En todo caso, el ocaso de la cuestión judía como cuestión progresista en la segunda mitad del siglo XX hace parte de la caída del Muro de Berlin y la burocratización de las revoluciones del siglo XX. La tarea del relanzamiento de la revolución socialista auténtica en este nuevo siglo deberá ayudar también a emancipar a la población palestina de su opresión sionista y en darle a la cuestión judía una solución progresista hermanada con la causa del proletariado.

 

 

[1] Marek Edelman era un joven militante socialista del Bund judío que fue un de los “subcomandante” del levantamiento de 1943 que sobrevivió a dicha acción y a la guerra misma, siguió viviendo en Polonia transformándose en militante anti-estalinista y rechazando toda su vida la creación del Estado de Israel como engendro reaccionario.

[2] Con la burocratización de la ex URSS hubo un curso del estalinismo hacia rasgos antisemitas, lo que fue combatido en su momento por Trotsky.

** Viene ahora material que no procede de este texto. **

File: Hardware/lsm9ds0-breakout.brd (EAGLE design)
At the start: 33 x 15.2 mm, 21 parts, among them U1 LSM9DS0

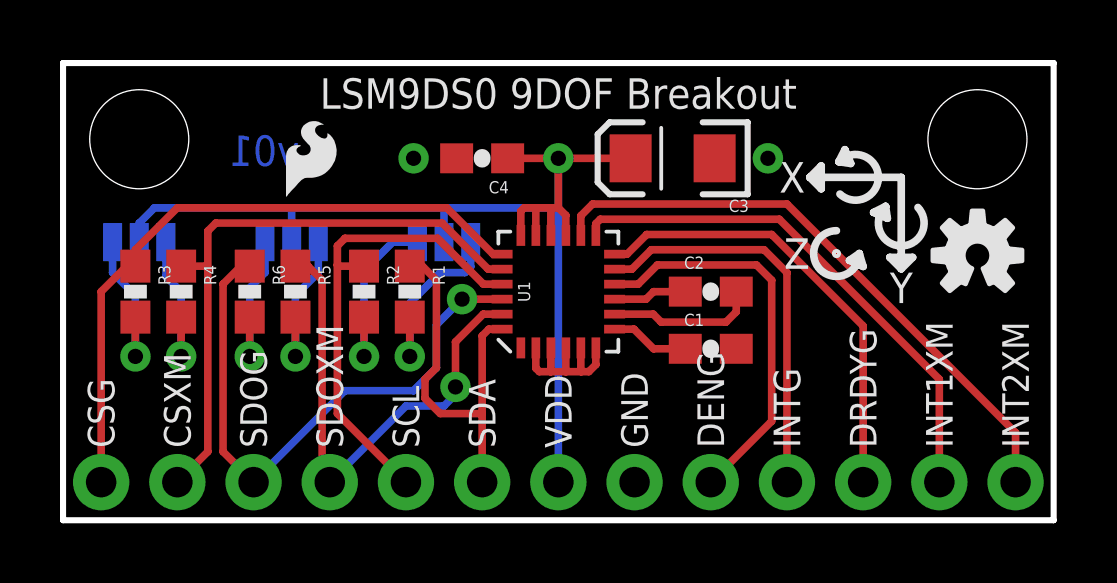
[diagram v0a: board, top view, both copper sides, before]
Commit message: Fixed some silk. Moved some vias.
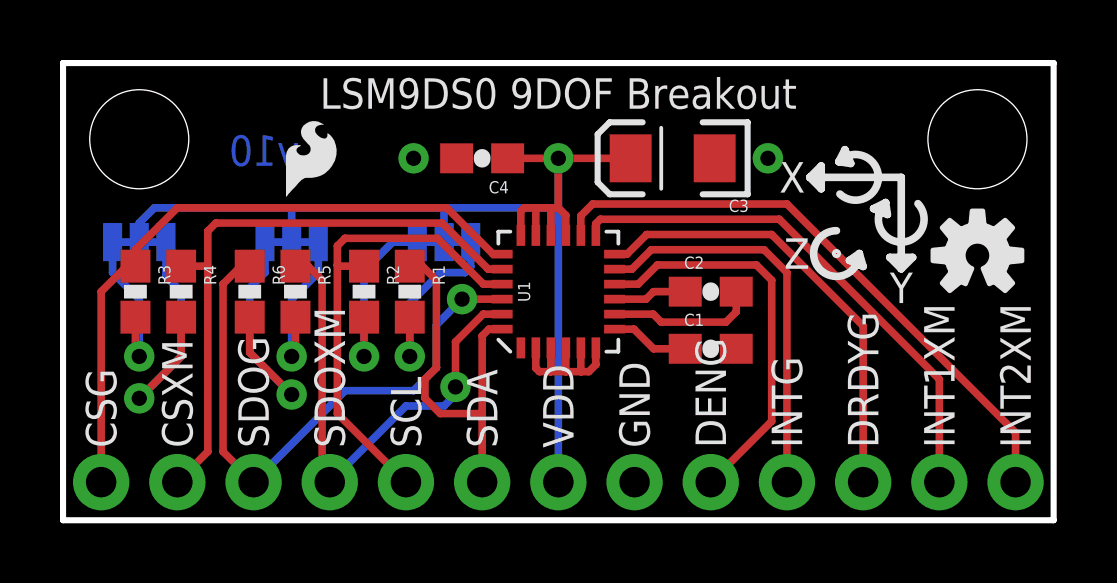
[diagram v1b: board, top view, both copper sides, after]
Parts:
- moved LOGO2 4.02 mm to (32.1, 7.24)
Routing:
- net N$5: track 5.33 -> 9.28 mm
- net N$13: track 5.33 -> 9.03 mm
- net N$10: track 0.00 -> 0.64 mm
- net N$9: track 0.00 -> 0.64 mm
- net N$8: track 0.00 -> 0.63 mm
- net N$15: track 0.00 -> 0.63 mm
- net N$14: track 0.00 -> 0.63 mm
- net N$11: track 0.00 -> 0.63 mm
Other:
- board text added: "2"
- board text added: "G 6A 6B"
- board text added: "I C Address"
- board text added: "SDOX/G"
- board text added: "XM 1E 1D"
- board text added: "v10"
- board text removed: "1E 1D"
- board text removed: "Addr"
- board text removed: "SA0"
- board text removed: "v01"

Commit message: Adding fiducials
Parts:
- added FID1, FID2: FIDUCIALUFIDUCIAL, SparkFun-Aesthetics:MICRO-FIDUCIAL
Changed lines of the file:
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@@
 <element name="LOGO3" library="SparkFun-Aesthetics" package="SFE_LOGO_FLAME_.1" value="SFE_LOGO_FLAME.1_INCH" x="7.112" y="10.414"/>
 <element name="LOGO2" library="SparkFun-Aesthetics" package="SFE_LOGO_FLAME_.1" value="SFE_LOGO_FLAME.1_INCH" x="32.131" y="7.239" rot="MR0"/>
+<element name="FID1" library="SparkFun-Aesthetics" package="MICRO-FIDUCIAL" value="FIDUCIALUFIDUCIAL" x="30.48" y="5.334"/>
+<element name="FID2" library="SparkFun-Aesthetics" package="MICRO-FIDUCIAL" value="FIDUCIALUFIDUCIAL" x="0.762" y="14.478"/>
 </elements>
 <signals>

[3] La idea de asimilación de la población judía era compartida, mayormente, por el tronco principal del movimiento socialista, que consideraba el problema judío como un residuo del feudalismo y que realizada de manera consecuente la revolución burguesa –como en el caso de Francia a finales del siglo XVIII y sus leyes emancipadoras del judaísmo- el problema judío se tendería pacíficamente a reabsorber, asimilar en la sociedad como un todo en su desarrollo, en su carácter de “crisol” de distintos orígenes culturales y “raciales”. La historia del siglo XX –con la emergencia del nazismo- vino a demostrar que esto sería más complejo, lo que no quiere decir que la salida “nacional” fuera la correcta-

[4] Un relato de primera mano de esta masacre lo obtuvimos en una reciente conferencia realizada al respecto en Clujj, Rumania, y a la que asistió el autor de esta nota; los debates expresados en la misma, así como los heroicos relatos de los resistentes judíos con conciencia de clase de origen comunista que no se entregaron sin resistencia a las autoridades nazis, así como las expresiones de solidaridad por doquier en medio de la barbarie, no los podemos desarrollar aquí.

[5] Este es un tema conocido pero soslayado por el sionismo y la “historia oficial” en Israel. Hanna Arendt insospechable de posiciones de izquierda –a decir verdad, militó de joven en el sionismo- denunció este rol siniestro de los consejos judíos en oportunidad de su cobertura del juicio en Israel a Adolf Eichmann en su obra “Eichmann en Jerusalén” donde maneja el agudo concepto de “banalidad del mal” para describir el mecanismo burocrático y “desinteresado” (o, más bien, “des-responsabilizado”) con que la mayoría de los burócratas nazis administraron el genocidio.